The problem state module also contains a buffer that can hold one chunk. Typically, the problem state stores a sub-solution to the problem at hand. In the case of a social reasoning task, this may be the outcome of a reasoning step that will be relevant in subsequent reasoning. Storing information in the problem state buffer is associated with a time cost (typically 200ms).

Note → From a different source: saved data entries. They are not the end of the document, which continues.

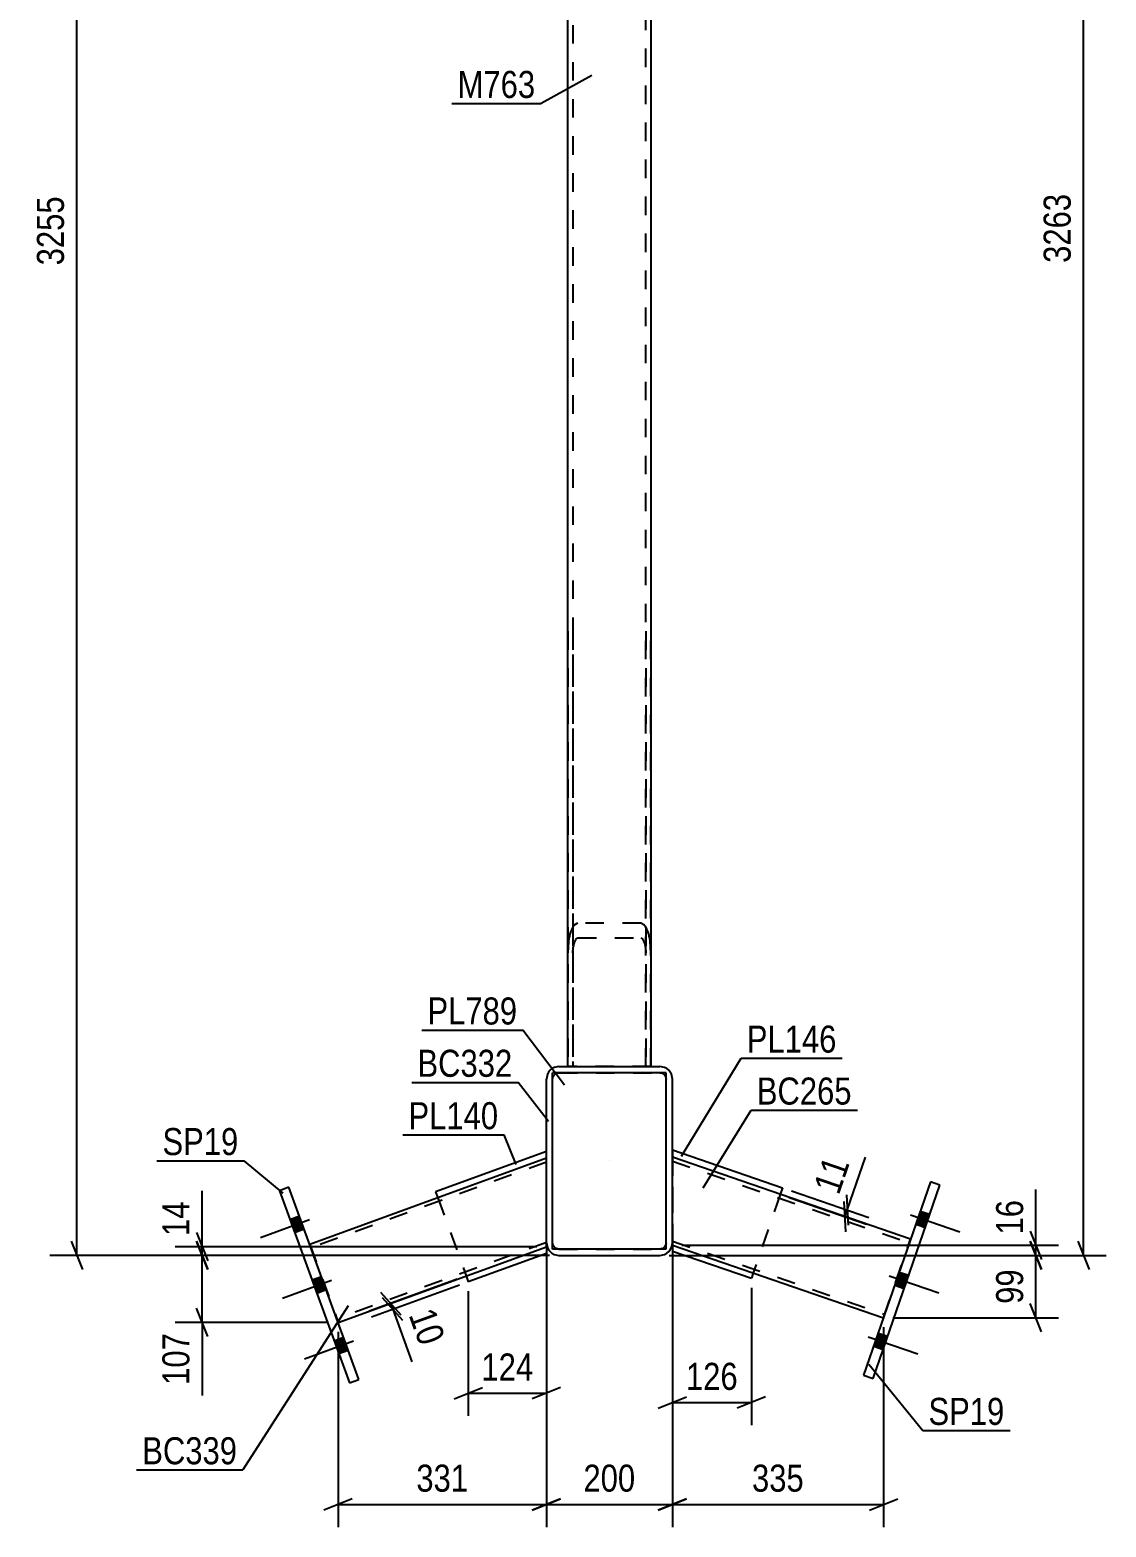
# Model space of a CAD drawing. Header units: millimetres. Extents: x -212 to 629, y -168 to 426.
# Drawn here: x 307.7 to 421.6, y 109 to 267.6 of the extents above; entities that cross this region are included whole.
import ezdxf

# ---------------------------------------------------------------- set-up
doc = ezdxf.new("R2010")
doc.units = ezdxf.units.MM
doc.linetypes.add('DXK_LINE_DOT2', pattern=[3.9198, 1.9599, -1.9599])
doc.linetypes.add('DXK_LINE_DOT3', pattern=[5.9187, 2.979, -0.9799, 0.9799, -0.9799])
doc.styles.add('Arial Narrow', font='ARIALN.TTF', dxfattribs={"height": 0.2})

# ---------------------------------------------------------------- blocks, each defined once
blk = doc.blocks.new('Part-284936395-26172 - 26163')
at = {"color": 2, "linetype": 'Continuous'}
for p, q in [((362.41, 148.1), (337.35, 138.98)), ((340.36, 130.71), (362.41, 138.73)), ((362.41, 139.15), (362.41, 138.73))]:
    blk.add_line(p, q, dxfattribs=at)
at = {"color": 7, "linetype": 'DXK_LINE_DOT2'}
for p, q in [((362.41, 147.67), (337.48, 138.6)), ((362.41, 139.15), (362.41, 148.1)), ((337.35, 138.98), (340.36, 130.71)), ((362.41, 139.16), (340.22, 131.08))]:
    blk.add_line(p, q, dxfattribs=at)
blk = doc.blocks.new('Part-284936395-26165 - 26163')
at = {"color": 2, "linetype": 'Continuous'}
for p, q in [((362.51, 156.99), (362.41, 156.48)), ((363.74, 157.81), (363.23, 157.71)), ((363.74, 157.81), (374.41, 157.81)), ((374.92, 157.71), (374.41, 157.81)), ((375.74, 156.48), (375.64, 156.99)), ((362.41, 139.15), (362.41, 156.48)), ((375.74, 139.15), (375.74, 156.48)), ((362.41, 139.15), (362.51, 138.64)), ((375.64, 138.64), (375.74, 139.15)), ((363.23, 137.92), (363.74, 137.81)), ((363.74, 137.81), (374.41, 137.81)), ((374.41, 137.81), (374.92, 137.92))]:
    blk.add_line(p, q, dxfattribs=at)
at = {"color": 7, "linetype": 'DXK_LINE_DOT2'}
for p, q in [((363.48, 157.1), (363.74, 157.15)), ((363.74, 157.15), (374.41, 157.15)), ((374.41, 157.15), (374.66, 157.1)), ((363.07, 156.48), (363.12, 156.74)), ((363.07, 139.15), (363.07, 156.48)), ((375.02, 156.74), (375.07, 156.48)), ((375.07, 139.15), (375.07, 156.48)), ((363.12, 138.89), (363.07, 139.15)), ((363.74, 138.48), (363.48, 138.53)), ((363.74, 138.48), (374.41, 138.48)), ((374.66, 138.53), (374.41, 138.48)), ((375.07, 139.15), (375.02, 138.89))]:
    blk.add_line(p, q, dxfattribs=at)
at = {"color": 7, "linetype": 'DXK_LINE_DOT3'}
blk.add_line((369.07, 147.81), (369.07, 147.81), dxfattribs=at)
at = {"color": 2, "linetype": 'Continuous'}
for centre, start, end in [((363.74, 156.48), 112.5, 157.5), ((374.41, 156.48), 22.5, 67.5), ((363.74, 139.15), 202.5, 247.5), ((374.41, 139.15), 292.5, 337.5)]:
    blk.add_arc(centre, 1.33, start, end, dxfattribs=at)
at = {"color": 7, "linetype": 'DXK_LINE_DOT2'}
for centre, start, end in [((363.74, 156.48), 112.5, 157.5), ((374.41, 156.48), 22.5, 67.5), ((363.74, 139.15), 202.5, 247.5), ((374.41, 139.15), 292.5, 337.5)]:
    blk.add_arc(centre, 0.667, start, end, dxfattribs=at)
blk = doc.blocks.new('Part-284936395-26232 - 26163')
at = {"color": 2, "linetype": 'Continuous'}
for p, q in [((363.07, 138.48), (363.07, 157.15)), ((375.07, 157.15), (363.07, 157.15)), ((375.07, 138.48), (375.07, 157.15)), ((375.07, 138.48), (363.07, 138.48))]:
    blk.add_line(p, q, dxfattribs=at)
blk = doc.blocks.new('Part-284936395-26168 - 26163')
at = {"color": 2, "linetype": 'Continuous'}
for p, q in [((364.67, 157.81), (364.67, 350.4)), ((373.47, 350.4), (373.47, 157.81))]:
    blk.add_line(p, q, dxfattribs=at)
at = {"color": 7, "linetype": 'DXK_LINE_DOT2'}
for p, q in [((364.67, 350.4), (373.47, 350.4)), ((365.21, 350.4), (365.21, 157.81)), ((372.94, 157.81), (372.94, 350.4)), ((373.47, 157.81), (364.67, 157.81))]:
    blk.add_line(p, q, dxfattribs=at)
blk = doc.blocks.new('Part-284936395-26183 - 26163')
at = {"color": 2, "linetype": 'Continuous'}
for p, q in [((400.95, 139.52), (375.74, 148.2)), ((375.74, 139.15), (375.74, 138.96)), ((375.74, 138.96), (375.74, 138.89)), ((375.74, 138.89), (398.09, 131.2))]:
    blk.add_line(p, q, dxfattribs=at)
at = {"color": 7, "linetype": 'DXK_LINE_DOT2'}
for p, q in [((375.74, 148.13), (375.74, 148.2)), ((375.74, 148.2), (375.74, 139.14)), ((375.74, 147.78), (400.82, 139.14)), ((375.74, 147.68), (375.74, 147.35)), ((398.09, 131.2), (400.95, 139.52)), ((375.74, 139.32), (398.22, 131.58))]:
    blk.add_line(p, q, dxfattribs=at)
blk = doc.blocks.new('Part-284936395-26186 - 26163')
at = {"color": 2, "linetype": 'Continuous'}
for p, q in [((403.05, 145.6), (395.99, 125.11)), ((397, 124.77), (404.06, 145.25)), ((404.06, 145.25), (403.05, 145.6)), ((395.99, 125.11), (397, 124.77))]:
    blk.add_line(p, q, dxfattribs=at)
blk = doc.blocks.new('Part-284936395-26187 - 26163')
at = {"color": 2, "linetype": 'Continuous'}
for p, q in [((335.15, 145.02), (334.14, 144.66)), ((334.14, 144.66), (341.56, 124.3)), ((342.56, 124.66), (335.15, 145.02)), ((341.56, 124.3), (342.56, 124.66))]:
    blk.add_line(p, q, dxfattribs=at)
blk = doc.blocks.new('Part-284936395-26195 - 26163')
at = {"color": 7, "linetype": 'DXK_LINE_DOT2'}
for p, q in [((364.67, 203.91), (364.67, 157.81)), ((365.21, 203.91), (365.21, 157.81)), ((372.94, 203.91), (372.94, 157.81)), ((373.47, 157.81), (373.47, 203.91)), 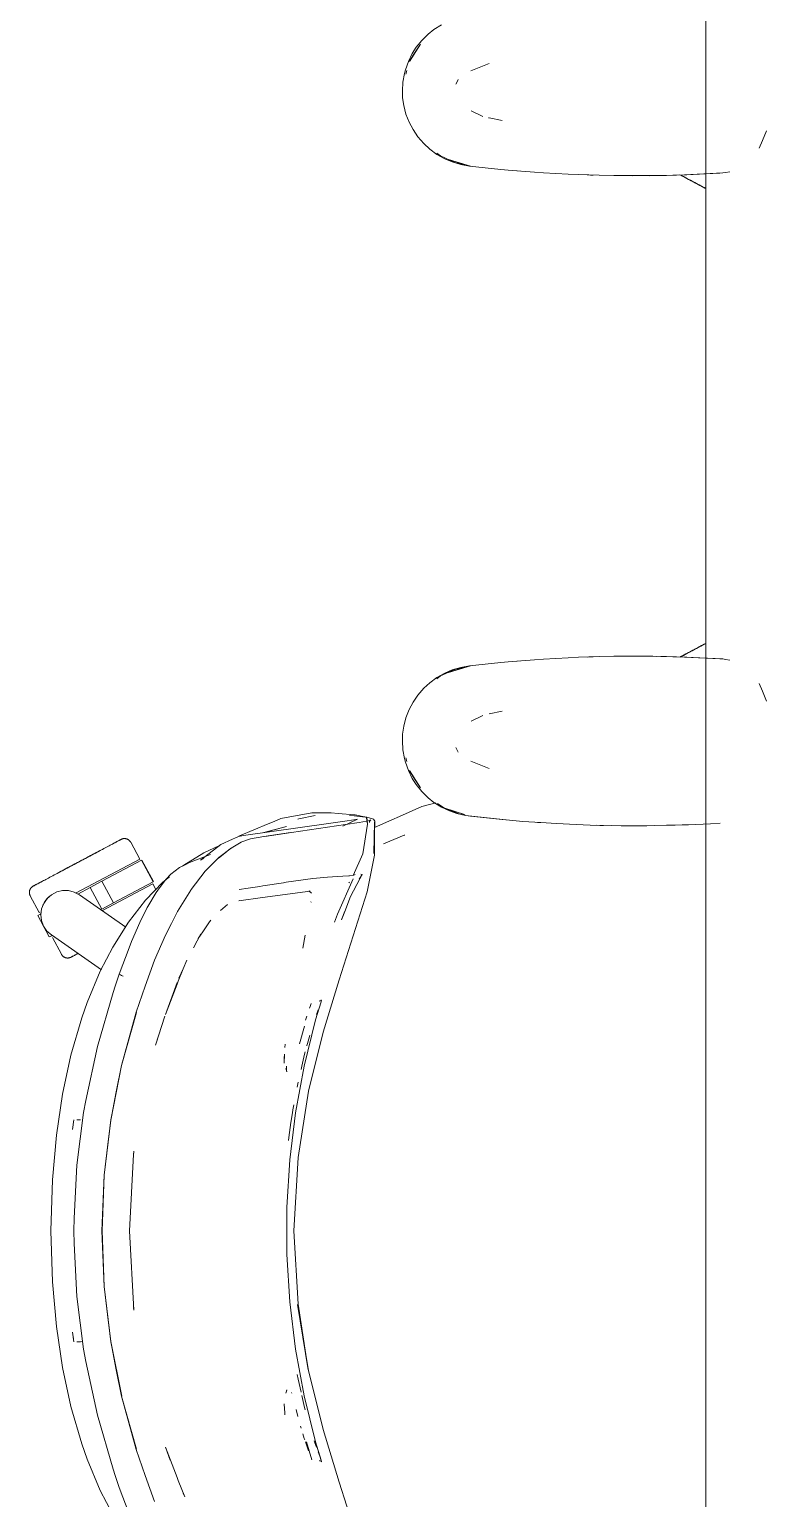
# Model space of a CAD drawing. Header units: millimetres. Extents: x 155920 to 295199, y -4084 to 97293.
# Drawn here: x 194247 to 194668, y 32588 to 33428 of the extents above; entities that cross this region are included whole.
import ezdxf

# ---------------------------------------------------------------- set-up
doc = ezdxf.new("R2010")
doc.units = ezdxf.units.MM
doc.header["$MEASUREMENT"] = 0
doc.layers.add('G-IMPT', color=8, linetype='CONTINUOUS', lineweight=9)
doc.layers.add('I-FURN', color=8, linetype='CONTINUOUS', lineweight=9)

msp = doc.modelspace()

# ---------------------------------------------------------------- linework, layer by layer
at = {"layer": 'G-IMPT'}
for p, q in [((194474.83, 33425.6), (194478.14, 33428.22)), ((194482.46, 33430.95), (194478.14, 33428.22)), ((194464.17, 33409.92), (194470.5, 33419.87)), ((194465.77, 33414.52), (194468.04, 33418.07)), ((194466.34, 33413.59), (194470.5, 33419.87)), ((194471.22, 33422.05), (194468.04, 33418.07)), ((194471.22, 33422.05), (194474.83, 33425.6)), ((194463.53, 33410.01), (194461.82, 33405.24)), ((194463.53, 33410.01), (194465.77, 33414.52)), ((194464.17, 33409.92), (194466.34, 33413.59)), ((194460.37, 33398.16), (194461.25, 33403.11)), ((194461.25, 33403.11), (194461.82, 33405.24)), ((194462.62, 33404.8), (194462, 33402.77)), ((194509.66, 33408.84), (194499.23, 33404.7)), ((194460.08, 33393.12), (194460.37, 33398.16)), ((194460.08, 33393.12), (194460.25, 33389.28)), ((194490.69, 33396.95), (194491.71, 33399.17)), ((194491.71, 33399.17), (194492, 33399.62)), ((194460.9, 33384.76), (194460.25, 33389.28)), ((194460.9, 33384.76), (194462.16, 33379.9)), ((194463.99, 33375.18), (194462.16, 33379.9)), ((194499.32, 33381.75), (194506.11, 33378.48)), ((194509.3, 33377.83), (194509.72, 33377.71)), ((194517.16, 33376.14), (194509.72, 33377.71)), ((194466.18, 33371.02), (194463.99, 33375.18)), ((194466.18, 33371.02), (194469.01, 33366.85)), ((194668.21, 33370.34), (194665.88, 33364.71)), ((194469.01, 33366.85), (194472.33, 33363.02)), ((194475.77, 33359.85), (194472.33, 33363.02)), ((194475.77, 33359.85), (194479.85, 33356.86)), ((194664.04, 33360.32), (194665.88, 33364.71)), ((194479.81, 33357.55), (194481.92, 33355.95)), ((194484.3, 33354.34), (194479.85, 33356.86)), ((194489.99, 33352.22), (194481.92, 33355.95)), ((194484.3, 33354.34), (194488.53, 33352.53)), ((194498.95, 33350.17), (194486.49, 33354)), ((194486.49, 33354), (194495.64, 33351.09)), ((194488.53, 33352.53), (194493.4, 33351.07)), ((194489.99, 33352.22), (194498.39, 33350.3)), ((194498.44, 33350.17), (194493.4, 33351.07)), ((194498.95, 33350.17), (194495.64, 33351.09)), ((194516.37, 33348.27), (194498.44, 33350.17)), ((194520.5, 33347.92), (194516.37, 33348.27)), ((194535.55, 33346.67), (194520.5, 33347.92)), ((194527.37, 33347.32), (194525.69, 33347.49)), ((194535.55, 33346.67), (194540.64, 33346.35)), ((194540.64, 33346.35), (194554.78, 33345.54)), ((194560.8, 33345.28), (194554.78, 33345.54)), ((194560.8, 33345.28), (194572.56, 33344.9)), ((194565.69, 33345.14), (194567.62, 33345.03)), ((194567.62, 33345.03), (194569.12, 33345.02)), ((194580.98, 33344.73), (194572.56, 33344.9)), ((194580.98, 33344.73), (194611, 33344.85)), ((194580.98, 33344.73), (194601.17, 33344.68)), ((194580.98, 33344.73), (194591.78, 33344.64)), ((194611, 33344.85), (194591.78, 33344.64)), ((194601.17, 33344.68), (194622.56, 33345.19)), ((194601.17, 33344.68), (194621.35, 33345.15)), ((194601.17, 33344.68), (194611, 33344.85)), ((194601.17, 33344.72), (194602.73, 33344.71)), ((194603.2, 33344.7), (194605.11, 33344.78)), ((194611, 33344.85), (194622.56, 33345.19)), ((194621.35, 33345.15), (194643.14, 33346.24)), ((194621.35, 33345.15), (194641.53, 33346.12)), ((194622.56, 33345.19), (194621.35, 33345.15)), ((194622.56, 33345.19), (194633.39, 33345.74)), ((194643.14, 33346.24), (194641.53, 33346.12)), ((194643.14, 33346.24), (194644.78, 33346.49)), ((194647.18, 33346.93), (194644.78, 33346.49)), ((194516.37, 33066.41), (194498.44, 33064.51)), ((194520.5, 33066.76), (194516.37, 33066.41)), ((194535.55, 33068.01), (194520.5, 33066.76)), ((194527.37, 33067.36), (194525.69, 33067.19)), ((194535.55, 33068.01), (194540.64, 33068.33)), ((194540.64, 33068.33), (194554.78, 33069.14)), ((194560.8, 33069.4), (194554.78, 33069.14)), ((194560.8, 33069.4), (194572.56, 33069.78)), ((194565.69, 33069.54), (194567.62, 33069.65)), ((194567.62, 33069.65), (194569.12, 33069.66)), ((194580.98, 33069.95), (194572.56, 33069.78)), ((194580.98, 33069.95), (194591.78, 33070.04)), ((194580.98, 33069.95), (194601.17, 33070)), ((194580.98, 33069.95), (194611, 33069.83)), ((194611, 33069.83), (194591.78, 33070.04)), ((194601.17, 33070), (194611, 33069.83)), ((194601.17, 33070), (194622.56, 33069.49)), ((194601.17, 33070), (194621.35, 33069.53)), ((194601.17, 33069.96), (194603.2, 33069.98)), ((194603.2, 33069.98), (194605.11, 33069.9)), ((194611, 33069.83), (194622.56, 33069.49)), ((194622.56, 33069.49), (194621.35, 33069.53)), ((194621.35, 33069.53), (194643.14, 33068.44)), ((194621.35, 33069.53), (194641.53, 33068.56)), ((194622.56, 33069.49), (194633.39, 33068.94)), ((194643.14, 33068.44), (194641.53, 33068.56)), ((194643.14, 33068.44), (194644.78, 33068.19)), ((194647.18, 33067.75), (194644.78, 33068.19)), ((194475.77, 33054.83), (194479.85, 33057.82)), ((194479.81, 33057.13), (194481.92, 33058.73)), ((194484.3, 33060.34), (194479.85, 33057.82)), ((194489.99, 33062.46), (194481.92, 33058.73)), ((194484.3, 33060.34), (194488.53, 33062.15)), ((194498.95, 33064.51), (194486.49, 33060.68)), ((194486.49, 33060.68), (194495.64, 33063.59)), ((194488.53, 33062.15), (194493.4, 33063.61)), ((194489.99, 33062.46), (194498.39, 33064.38)), ((194498.44, 33064.51), (194493.4, 33063.61)), ((194498.95, 33064.51), (194495.64, 33063.59)), ((194469.01, 33047.83), (194472.33, 33051.66)), ((194475.77, 33054.83), (194472.33, 33051.66)), ((194664.04, 33054.36), (194665.88, 33049.97)), ((194668.21, 33044.34), (194665.88, 33049.97)), ((194466.18, 33043.66), (194463.99, 33039.5)), ((194466.18, 33043.66), (194469.01, 33047.83)), ((194460.9, 33029.92), (194462.16, 33034.78)), ((194463.99, 33039.5), (194462.16, 33034.78)), ((194499.32, 33032.93), (194506.11, 33036.2)), ((194517.16, 33038.54), (194509.72, 33036.97)), ((194460.08, 33021.56), (194460.25, 33025.4)), ((194460.9, 33029.92), (194460.25, 33025.4)), ((194460.08, 33021.56), (194460.37, 33016.52)), ((194460.37, 33016.52), (194461.25, 33011.57)), ((194490.69, 33017.73), (194491.71, 33015.51)), ((194491.71, 33015.51), (194492, 33015.06)), ((194461.25, 33011.57), (194461.82, 33009.44)), ((194463.53, 33004.67), (194461.82, 33009.44)), ((194462.62, 33009.88), (194462, 33011.91)), ((194509.66, 33005.84), (194499.23, 33009.98)), ((194463.53, 33004.67), (194465.77, 33000.16)), ((194464.17, 33004.76), (194466.34, 33001.09)), ((194464.17, 33004.76), (194470.5, 32994.81)), ((194465.77, 33000.16), (194468.04, 32996.61)), ((194466.34, 33001.09), (194470.5, 32994.81)), ((194471.22, 32992.63), (194468.04, 32996.61)), ((194471.22, 32992.63), (194474.83, 32989.09)), ((194471.3, 32984.02), (194460.18, 32979.16)), ((194471.3, 32984.02), (194479.12, 32986.27)), ((194474.83, 32989.09), (194478.14, 32986.46)), ((194482.46, 32983.73), (194478.14, 32986.46)), ((194483.79, 32983.34), (194480.21, 32985.76)), ((194482.46, 32983.73), (194487.04, 32981.54)), ((194483.79, 32983.34), (194486.49, 32982.44)), ((194483.79, 32983.34), (194495.64, 32979.52)), ((194493.01, 32979.73), (194484.82, 32982.93)), ((194486.49, 32982.44), (194495.64, 32979.52)), ((194487.04, 32981.54), (194491.18, 32980.09)), ((194366.94, 32967.41), (194383.39, 32974.21)), ((194416.59, 32974.25), (194369.38, 32967.57)), ((194393.8, 32972.7), (194380.85, 32969.19)), ((194393.8, 32972.7), (194381.91, 32969.34)), ((194383.39, 32974.21), (194386.76, 32975.6)), ((194390.62, 32977.19), (194386.76, 32975.6)), ((194408.31, 32980.43), (194390.62, 32977.19)), ((194396.68, 32969.3), (194427.56, 32973.86)), ((194400.87, 32976.98), (194400.3, 32976.82)), ((194410.18, 32979.02), (194400.87, 32976.98)), ((194408.31, 32980.43), (194415.28, 32980.46)), ((194419.45, 32980.46), (194415.28, 32980.46)), ((194416.59, 32974.25), (194427.26, 32975.69)), ((194423.41, 32980.12), (194419.45, 32980.46)), ((194423.41, 32980.12), (194432.73, 32979.31)), ((194426.01, 32972.87), (194434.44, 32976.88)), ((194428.55, 32975.9), (194427.26, 32975.69)), ((194427.56, 32973.86), (194435.41, 32974.97)), ((194433.57, 32976.73), (194428.55, 32975.9)), ((194432.56, 32978.79), (194429.97, 32979.01)), ((194432.61, 32978.79), (194437.25, 32978.28)), ((194432.73, 32979.31), (194433.2, 32979.27)), ((194437.45, 32978.46), (194433.2, 32979.27)), ((194434.44, 32976.88), (194433.57, 32976.73)), ((194441.68, 32976.08), (194435.41, 32974.97)), ((194437.86, 32978.2), (194437.25, 32978.28)), ((194437.45, 32978.46), (194439.77, 32978.02)), ((194437.51, 32956.98), (194440.22, 32974.02)), ((194437.86, 32978.2), (194441.14, 32977.67)), ((194439.54, 32977.61), (194440.16, 32974.06)), ((194439.54, 32977.61), (194440.22, 32974.02)), ((194440.16, 32974.06), (194439.77, 32978.02)), ((194441.06, 32975.91), (194442.15, 32976.47)), ((194441.06, 32975.91), (194441.68, 32976.08)), ((194441.14, 32977.67), (194443, 32977.12)), ((194441.33, 32975.53), (194441.25, 32975.03)), ((194441.33, 32975.53), (194441.65, 32976.07)), ((194441.65, 32976.07), (194442.15, 32976.47)), ((194443.54, 32976.79), (194443, 32977.12)), ((194443.54, 32976.79), (194443.92, 32976.3)), ((194443.7, 32957.17), (194444.28, 32975.61)), ((194443.7, 32957.17), (194444.18, 32975.15)), ((194444.31, 32975.73), (194443.92, 32976.3)), ((194444.31, 32975.73), (194444.12, 32974.86)), ((194444.12, 32974.86), (194444.14, 32974.97)), ((194444.14, 32956.28), (194444.18, 32975.15)), ((194444.18, 32975.15), (194444.14, 32974.97)), ((194452.34, 32975.74), (194444.17, 32972.17)), ((194444.28, 32975.61), (194444.18, 32975.15)), ((194460.18, 32979.16), (194452.34, 32975.74)), ((194496.14, 32978.94), (194491.18, 32980.09)), ((194496.06, 32979.15), (194493.01, 32979.73)), ((194496.14, 32978.94), (194519.09, 32976.48)), ((194496.14, 32978.94), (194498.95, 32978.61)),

A central procedural system recognizes patterns in the information stored in the buffers, and responds by sending requests to the modules, for example, ‘retrieve a fact from declarative memory’. This condition-action mechanism is implemented in production rules. Production rules have so-called utility values. The model receives reward or punishment depending on the correctness of its response. Both reward and punishment propagate back to previously fired production rules, and the utility values of these production rules are increased in case of reward and decreased in case of punishment by a process called utility learning (Anderson 2007). If two or more production rules match a particular game state, the production rule with the highest utility is selected.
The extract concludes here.